Australians are also concerned about America’s military spending. As a small country with limited resources, Australia is acutely aware of the dangers posed by militarism and rivalry between great powers.

Three in five Australians are concerned that Australia’s involvement in America’s military exercises will harm their country. Australians’ attitude to the US is shaped by their views about America’s involvement in the world and how they think America should act.

Australians worry about protecting their sovereignty and democratic values:

Australia’s commitment to protecting its sovereignty and democratic values does not mean promoting American values or interests.

Most Australians believe that further Australian-American cooperation is more important than promoting American interests over theirs. Australians also believe that Australia should never fight alongside the US when it’s not their interest.

Americans are not popular in Australia.

Honesty, humility, and generosity are Australian values (the song Waltzing Matilda, for example, is about an Australian donating his last two shillings to a starving woman and her baby).

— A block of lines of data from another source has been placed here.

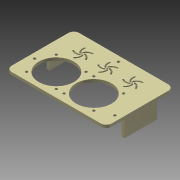
# Autodesk Inventor part: Tapa carcasa SAV
Saved by Autodesk Inventor 2014 (Build 180170000, 170)
## iProperties
Created: 2014-09-11
Part Number: Tapa carcasa SAV
Material: Nylon, molybdenum disulphide
Document SubType Name: Modeling
Designer: Rubén
Density: 1.13 g/cm^3
Appearance: Nylon 6
Mass: 26.3943 g
Surface Area: 167.072 cm^2
Volume: 23.3578 cm^3
Author: Rubén
Autodesk Inventor part; units mm, degrees
ref_plane "YZ Plane" through (0, 0, 0) normal (1, 0, 0) x (0, 1, 0)
ref_plane "XZ Plane" through (0, 0, 0) normal (0, 1, 0) x (-1, 0, 0)
ref_plane "XY Plane" through (0, 0, 0) normal (0, 0, 1) x (1, 0, 0)
sketch "Sketch1" plane through (0, 0, 0) normal (0, 1, 0) x (-1, 0, 0)
  line L0 (6, 0) -> (101.7, 0)
  line L1 (107.7, 6) -> (107.7, 66.77)
  line L2 (101.7, 72.77) -> (6, 72.77)
  line L3 (0, 66.77) -> (0, 6)
  line L4 (6.59, 3) -> (101.11, 3) construction
  line L5 (104.7, 6.59) -> (104.7, 66.18) construction
  line L6 (101.11, 69.77) -> (6.59, 69.77) construction
  line L7 (3, 66.18) -> (3, 6.59) construction
  arc A0 (6.59, 69.77) -> (3, 66.18) centre (6.59, 66.18) ccw construction
  arc A1 (104.7, 66.18) -> (101.11, 69.77) centre (101.11, 66.18) ccw construction
  arc A2 (101.11, 3) -> (104.7, 6.59) centre (101.11, 6.59) ccw construction
  arc A3 (3, 6.59) -> (6.59, 3) centre (6.59, 6.59) ccw construction
  arc A4 (0, 6) -> (6, 0) centre (6, 6) ccw
  arc A5 (101.7, 0) -> (107.7, 6) centre (101.7, 6) ccw
  arc A6 (107.7, 66.77) -> (101.7, 72.77) centre (101.7, 66.77) ccw
  arc A7 (6, 72.77) -> (0, 66.77) centre (6, 66.77) ccw
  circle A8 centre (53.85, 5.8) radius 1.475
  circle A9 centre (5.8, 57.685) radius 1.475
  circle A10 centre (101.9, 47.885) radius 1.475
  line L8 (61.1, 41.9) -> (61.1, 62.5) construction
  line L9 (61.1, 41.9) -> (97.35, 41.9) construction
  line L10 (61.1, 41.9) -> (24.85, 41.9) construction
  line L11 (24.85, 41.9) -> (24.85, 62.5) construction
  line L12 (24.85, 62.5) -> (97.35, 62.5) construction
  line L13 (97.35, 62.5) -> (97.35, 41.9) construction
  line L14 (61.8884, 68.7185) -> (93.8884, 68.7185) construction
  line L15 (98.0634, 64.5435) -> (98.0634, 32.5435) construction
  line L16 (93.8884, 28.3685) -> (61.8884, 28.3685) construction
  line L17 (57.7134, 32.5435) -> (57.7134, 64.5435) construction
  line L18 (53.5384, 68.7185) -> (21.5384, 68.7185) construction
  line L19 (17.3634, 64.5435) -> (17.3634, 32.5435) construction
  line L20 (21.5384, 28.3685) -> (53.5384, 28.3685) construction
  circle A11 centre (21.538, 32.544) radius 1.4
  arc A12 (21.5384, 68.7185) -> (17.3634, 64.5435) centre (21.5384, 64.5435) ccw construction
  arc A13 (17.3634, 32.5435) -> (21.5384, 28.3685) centre (21.5384, 32.5435) ccw construction
  arc A14 (53.5384, 28.3685) -> (57.7134, 32.5435) centre (53.5384, 32.5435) ccw construction
  arc A15 (57.7134, 32.5435) -> (61.8884, 28.3685) centre (61.8884, 32.5435) ccw construction
  arc A16 (93.8884, 28.3685) -> (98.0634, 32.5435) centre (93.8884, 32.5435) ccw construction
  arc A17 (98.0634, 64.5435) -> (93.8884, 68.7185) centre (93.8884, 64.5435) ccw construction
  arc A18 (57.7134, 64.5435) -> (53.5384, 68.7185) centre (53.5384, 64.5435) ccw construction
  arc A19 (61.8884, 68.7185) -> (57.7134, 64.5435) centre (61.8884, 64.5435) ccw construction
  circle A20 centre (21.5384, 64.5435) radius 1.4
  circle A21 centre (61.8884, 64.5435) radius 1.4
  circle A22 centre (53.5384, 64.5435) radius 1.4
  circle A23 centre (93.8884, 64.5435) radius 1.4
  circle A24 centre (61.8884, 32.5435) radius 1.4
  circle A25 centre (53.5384, 32.5435) radius 1.4
  circle A26 centre (93.8884, 32.5435) radius 1.4
  circle A27 centre (37.5384, 48.5435) radius 19
  circle A28 centre (77.8884, 48.5435) radius 19
  circle A29 centre (53.85, 18) radius 0.75
  arc A30 (58.578, 10.8917) -> (56.37, 18.5404) centre (50.85, 12.8038) ccw
  arc A31 (57.122, 11.2519) -> (55.33, 17.4596) centre (50.85, 12.8038) ccw
  arc A32 (57.122, 11.2519) -> (58.578, 10.8917) centre (57.85, 11.0718) ccw
  arc A33 (56.37, 18.5404) -> (55.33, 17.4596) centre (55.85, 18) ccw
  circle A34 centre (80.75, 18) radius 0.75
  arc A35 (85.478, 10.8917) -> (83.27, 18.5404) centre (77.75, 12.8038) ccw
  arc A36 (84.022, 11.2519) -> (82.23, 17.4596) centre (77.75, 12.8038) ccw
  arc A37 (84.022, 11.2519) -> (85.478, 10.8917) centre (84.75, 11.0718) ccw
  arc A38 (83.27, 18.5404) -> (82.23, 17.4596) centre (82.75, 18) ccw
  arc A39 (88.9715, 20.3) -> (81.0148, 20.5637) centre (84.7648, 13.5411) ccw
  arc A40 (88.1789, 19.0266) -> (81.7213, 19.2405) centre (84.7648, 13.5411) ccw
  arc A41 (81.0148, 20.5637) -> (81.7213, 19.2405) centre (81.368, 19.9021) ccw
  arc A42 (88.1789, 19.0266) -> (88.9715, 20.3) centre (88.5752, 19.6633) ccw
  arc A43 (81.1031, 26.5298) -> (78.3936, 19.044) centre (86.2313, 20.4404) ccw
  arc A44 (82.0693, 25.3825) -> (79.8703, 19.3071) centre (86.2313, 20.4404) ccw
  arc A45 (78.3936, 19.044) -> (79.8703, 19.3071) centre (79.132, 19.1756) ccw
  arc A46 (82.0693, 25.3825) -> (81.1031, 26.5298) centre (81.5862, 25.9562) ccw
  arc A47 (72.7468, 20.9717) -> (79.0289, 16.0815) centre (80.1228, 23.9671) ccw
  arc A48 (74.1365, 21.5361) -> (79.235, 17.5673) centre (80.1228, 23.9671) ccw
  arc A49 (79.0289, 16.0815) -> (79.235, 17.5673) centre (79.132, 16.8244) ccw
  arc A50 (74.1365, 21.5361) -> (72.7468, 20.9717) centre (73.4416, 21.2539) ccw
  arc A51 (75.4506, 11.3068) -> (82.0427, 15.7703) centre (74.8811, 19.2475) ccw
  arc A52 (75.3433, 12.8029) -> (80.6934, 16.4255) centre (74.8811, 19.2475) ccw
  arc A53 (82.0427, 15.7703) -> (80.6934, 16.4255) centre (81.368, 16.0979) ccw
  arc A54 (75.3433, 12.8029) -> (75.4506, 11.3068) centre (75.397, 12.0548) ccw
  circle A55 centre (26.95, 18) radius 0.75
  arc A56 (31.678, 10.8917) -> (29.47, 18.5404) centre (23.95, 12.8038) ccw
  arc A57 (30.222, 11.2519) -> (28.43, 17.4596) centre (23.95, 12.8038) ccw
  arc A58 (30.222, 11.2519) -> (31.678, 10.8917) centre (30.95, 11.0718) ccw
  arc A59 (29.47, 18.5404) -> (28.43, 17.4596) centre (28.95, 18) ccw
  arc A60 (35.1715, 20.3) -> (27.2148, 20.5637) centre (30.9648, 13.5411) ccw
  arc A61 (34.3789, 19.0266) -> (27.9213, 19.2405) centre (30.9648, 13.5411) ccw
  arc A62 (27.2148, 20.5637) -> (27.9213, 19.2405) centre (27.568, 19.9021) ccw
  arc A63 (34.3789, 19.0266) -> (35.1715, 20.3) centre (34.7752, 19.6633) ccw
  arc A64 (27.3031, 26.5298) -> (24.5936, 19.044) centre (32.4313, 20.4404) ccw
  arc A65 (28.2693, 25.3825) -> (26.0703, 19.3071) centre (32.4313, 20.4404) ccw
  arc A66 (24.5936, 19.044) -> (26.0703, 19.3071) centre (25.332, 19.1756) ccw
  arc A67 (28.2693, 25.3825) -> (27.3031, 26.5298) centre (27.7862, 25.9562) ccw
  arc A68 (18.9468, 20.9717) -> (25.2289, 16.0815) centre (26.3228, 23.9671) ccw
  arc A69 (20.3365, 21.5361) -> (25.435, 17.5673) centre (26.3228, 23.9671) ccw
  arc A70 (25.2289, 16.0815) -> (25.435, 17.5673) centre (25.332, 16.8244) ccw
  arc A71 (20.3365, 21.5361) -> (18.9468, 20.9717) centre (19.6416, 21.2539) ccw
  arc A72 (21.6506, 11.3068) -> (28.2427, 15.7703) centre (21.0811, 19.2475) ccw
  arc A73 (21.5433, 12.8029) -> (26.8934, 16.4255) centre (21.0811, 19.2475) ccw
  arc A74 (28.2427, 15.7703) -> (26.8934, 16.4255) centre (27.568, 16.0979) ccw
  arc A75 (21.5433, 12.8029) -> (21.6506, 11.3068) centre (21.597, 12.0548) ccw
  circle A76 centre (53.85, 18) radius 0.75
  arc A77 (58.578, 10.8917) -> (56.37, 18.5404) centre (50.85, 12.8038) ccw
  arc A78 (57.122, 11.2519) -> (55.33, 17.4596) centre (50.85, 12.8038) ccw
  arc A79 (57.122, 11.2519) -> (58.578, 10.8917) centre (57.85, 11.0718) ccw
  arc A80 (56.37, 18.5404) -> (55.33, 17.4596) centre (55.85, 18) ccw
  arc A81 (62.0715, 20.3) -> (54.1148, 20.5637) centre (57.8648, 13.5411) ccw
  arc A82 (61.2789, 19.0266) -> (54.8213, 19.2405) centre (57.8648, 13.5411) ccw
  arc A83 (54.1148, 20.5637) -> (54.8213, 19.2405) centre (54.468, 19.9021) ccw
  arc A84 (61.2789, 19.0266) -> (62.0715, 20.3) centre (61.6752, 19.6633) ccw
  arc A85 (54.2031, 26.5298) -> (51.4936, 19.044) centre (59.3313, 20.4404) ccw
  arc A86 (55.1693, 25.3825) -> (52.9703, 19.3071) centre (59.3313, 20.4404) ccw
  arc A87 (51.4936, 19.044) -> (52.9703, 19.3071) centre (52.232, 19.1756) ccw
  arc A88 (55.1693, 25.3825) -> (54.2031, 26.5298) centre (54.6862, 25.9562) ccw
  arc A89 (45.8468, 20.9717) -> (52.1289, 16.0815) centre (53.2228, 23.9671) ccw
  arc A90 (47.2365, 21.5361) -> (52.335, 17.5673) centre (53.2228, 23.9671) ccw
  arc A91 (52.1289, 16.0815) -> (52.335, 17.5673) centre (52.232, 16.8244) ccw
  arc A92 (47.2365, 21.5361) -> (45.8468, 20.9717) centre (46.5416, 21.2539) ccw
  arc A93 (48.5506, 11.3068) -> (55.1427, 15.7703) centre (47.9811, 19.2475) ccw
  arc A94 (48.4433, 12.8029) -> (53.7934, 16.4255) centre (47.9811, 19.2475) ccw
  arc A95 (55.1427, 15.7703) -> (53.7934, 16.4255) centre (54.468, 16.0979) ccw
  arc A96 (48.4433, 12.8029) -> (48.5506, 11.3068) centre (48.497, 12.0548) ccw
  point P0 (0, 0)
  point P1 (107.7, 0)
  point P2 (107.7, 72.77)
  point P3 (3, 3)
  point P4 (104.7, 3)
  point P5 (104.7, 69.77)
  point P6 (3, 69.77)
  point P7 (57.7134, 68.7185)
  point P8 (98.0634, 28.3685)
  point P9 (98.0634, 68.7185)
  point P10 (57.7134, 28.3685)
  point P11 (17.3634, 68.7185)
  point P12 (17.3634, 28.3685)
  dimension "d0" = 107.7
  dimension "d1" = 72.77
  dimension "d2" = 101.7
  dimension "d3" = 66.77
  dimension "d4" = 101.7
  dimension "d5" = 3.59
  dimension "d6" = 3.59
  dimension "d7" = 6
  dimension "d8" = 2.95
  dimension "d9" = 2.95
  dimension "d10" = 2.95
  dimension "d11" = 3
  dimension "d12" = 3
  dimension "d13" = 5.8
  dimension "d14" = 24.885
  dimension "d15" = 53.85
  dimension "d16" = 66.97
  dimension "d17" = 101.9
  dimension "d18" = 15.085
  dimension "d21" = 36.25
  dimension "d22" = 36.25
  dimension "d23" = 20.6
  dimension "d24" = 40.35
  dimension "d25" = 40.35
  dimension "d26" = 40.35
  dimension "d27" = 40.35
  dimension "d28" = 40.35
  dimension "d29" = 2.8
  dimension "d30" = 4.175
  dimension "d31" = 2.8
  dimension "d32" = 2.8
  dimension "d33" = 2.8
  dimension "d34" = 2.8
  dimension "d35" = 2.8
  dimension "d36" = 2.8
  dimension "d37" = 2.8
  dimension "d40" = 38
  dimension "d41" = 38
  dimension "d71" = 26.9
  dimension "d74" = 26.9
  constraints: 160 point on circle, 97 centre point, 42 end point, 36 tangent, 30 point on line, 12 equal radius, 11 perpendicular, 7 coincident, 5 equal length, 4 horizontal, 1 midpoint, 139 other
  measures "d0" distance of point (0, 0) point (107.7, 0)
  measures "d1" distance of point (107.7, 0) point (107.7, 72.77)
  measures "d2" distance of point (3, 3) point (104.7, 3)
  measures "d3" distance of point (104.7, 3) point (104.7, 69.77)
  measures "d4" distance of point (104.7, 69.77) point (3, 69.77)
  measures "d5" radius of A0
  measures "d6" radius of A1
  measures "d7" radius of A4
  measures "d8" diameter of A8
  measures "d9" diameter of A9
  measures "d10" diameter of A10
  measures "d11" distance between parallel lines of L1 L5
  measures "d12" distance between parallel lines of L2 L6
  measures "d13" distance from line of A10.centre L1
  measures "d14" distance from line of A10.centre L2
  measures "d15" distance from line of A8.centre L1
  measures "d16" distance from line of A8.centre L2
  measures "d17" distance from line of A9.centre L1
  measures "d18" distance from line of A9.centre L2
  measures "d21" distance of L8.start L9.end
  measures "d22" distance of L8.start L10.end
  measures "d23" distance of L10.end L11.end
  measures "d24" distance of point (98.063, 28.369) point (57.713, 28.369)
  measures "d25" distance of point (98.063, 68.719) point (98.063, 28.369)
  measures "d26" distance of point (57.713, 68.719) point (17.363, 68.719)
  measures "d27" distance of point (17.363, 68.719) point (17.363, 28.369)
  measures "d28" distance of point (17.363, 28.369) point (57.713, 28.369)
  measures "d29" diameter of A11
  measures "d30" radius of A12
  measures "d31" diameter of A20
  measures "d32" diameter of A21
  measures "d33" diameter of A22
  measures "d34" diameter of A23
  measures "d35" diameter of A24
  measures "d36" diameter of A25
  measures "d37" diameter of A26
  measures "d40" diameter of A27
  measures "d41" diameter of A28
  measures "d71" distance of point (59.331, 20.44) A43.centre
  measures "d74" distance of point (59.331, 20.44) A64.centre
extrude "Extrusion3" add sketch "Sketch1" along normal blind 3
sketch "Sketch2" plane through (0, 0, 0) normal (0, -1, 0) x (1, 0, 0)
  line L0 (-6, 72.77) -> (-101.7, 72.77) projected
  line L1 (-107.7, 66.77) -> (-107.7, 6) projected
  line L2 (-107.7, 10.685) -> (-104.7, 10.685)
  line L3 (-107.7, 28.985) -> (-104.7, 28.985)
  line L4 (-104.7, 28.985) -> (-104.7, 10.685)
  line L5 (-107.7, 28.985) -> (-107.7, 10.685)
  point P0 (0, 0)
  dimension "d44" = 3
  dimension "d45" = 43.785
  dimension "d46" = 62.085
  constraints: 8 end point, 2 perpendicular, 2 point on line, 1 collinear, 1 parallel
  measures "d44" distance of L2.start L2.end
  measures "d45" distance between parallel lines of L0 L3
  measures "d46" distance between parallel lines of L0 L2
extrude "Extrusion4" add sketch "Sketch2" along normal blind 19
sketch "Sketch3" plane through (0, 0, 0) normal (0, -1, 0) x (1, 0, 0)
  line L0 (0, 6) -> (0, 66.77) projected
  line L1 (-107.7, 66.77) -> (-107.7, 28.985) projected
  line L2 (0, 17.985) -> (-3, 17.985)
  line L3 (0, 53.085) -> (-3, 53.085)
  line L4 (-3, 53.085) -> (-3, 17.985)
  line L5 (0, 17.985) -> (0, 53.085)
  point P0 (0, 0)
  dimension "d49" = 3
  dimension "d50" = 3
  constraints: 8 end point, 2 point on line, 1 collinear, 1 parallel, 1 perpendicular
  measures "d49" distance of L2.start L2.end
  measures "d50" distance of L3.start L3.end
extrude "Extrusion5" add sketch "Sketch3" along normal blind 17.616
body "Solid3"

The stereotypical American is brash, boastful, and inflexible — which might explain why two-thirds of Australians consider Americans arrogant.

Australia’s biggest criticism of the US is that it’s too powerful for its good. It’s an attitude reflected in American literature — there are references to the “baleful giant” in Mark Twain’s Adventures of Huckleberry Finn.

America is Australia’s biggest cultural influence:

America is a big influence on Australians because they both share the same values and interests, which is why they have allied with each other now for more than a half-century.

In addition, it was America that first gave Australia its distinctive characteristics through its pioneer settlers, values, and institutions – many of which still linger today. Americas’ openness to new ideas has resulted in huge cultural influences such as jazz music, rock ‘n roll, and hip hop.

In Australia, American culture is often romanticized, and some Australians express their admiration for the country through songs, movies, and TV shows. (For example, Australia’s most popular TV series is Glee.)

Australians have expectations of America:

Australians look to America to solve problems like global warming because America has the resources and technology to do something about it. They want American innovation and science for their good to save the planet for their children’s children.

Few Americans buy into this dream – rather, they believe that global warming is a hoax or at least a conspiracy against American interests.

Australians are obsessed with the American elections: 

Every year in the lead-up to the presidential election, Australians tune into news reports from America.

They want to see how America votes and who will be president for the next four years. The internet and social media facilitate this interest by making it easier to access information from both sides of the political spectrum.

Australia’s interest in the US election reflects its support for American democratic values, shared interests, and an alliance forged during World War II.

But there’s another side to this obsession – a sometimes ambivalent relationship between country cousins who are fascinated by each other but at other times are uneasy about each other.

It seems Australians are not alone in this obsession — since the last election, the American media has taken more interest in Australia’s opinion of America than any other country.

Australia’s Relationship With America

The United States of America’s relationship with Australia is a unique one. You can describe it in many different ways, such as Broken, complicated, competitive, cooperative, or blunt. 

However, you can say that this country has had a long-standing tie with its southern neighbor that dates back to before Europeans first set foot on Australian soil 400 years ago in 1770. This was when Captain Cook claimed the East Coast for Britain.

Many events have affected the relationship between the two countries, but it wasn’t until World War II that the bond started to form.

When America joined the fight in 1941, Australian and American troops fought side by side on many fronts in places like Greece, North Africa, Papua New Guinea, New Britain, and the Solomons.

A total of 416,000 Australian troops served as part of campaigns fought against Germany and Italy, while a further 71,000 served against Japan. Over 31,000 Australians gave their lives during these operations.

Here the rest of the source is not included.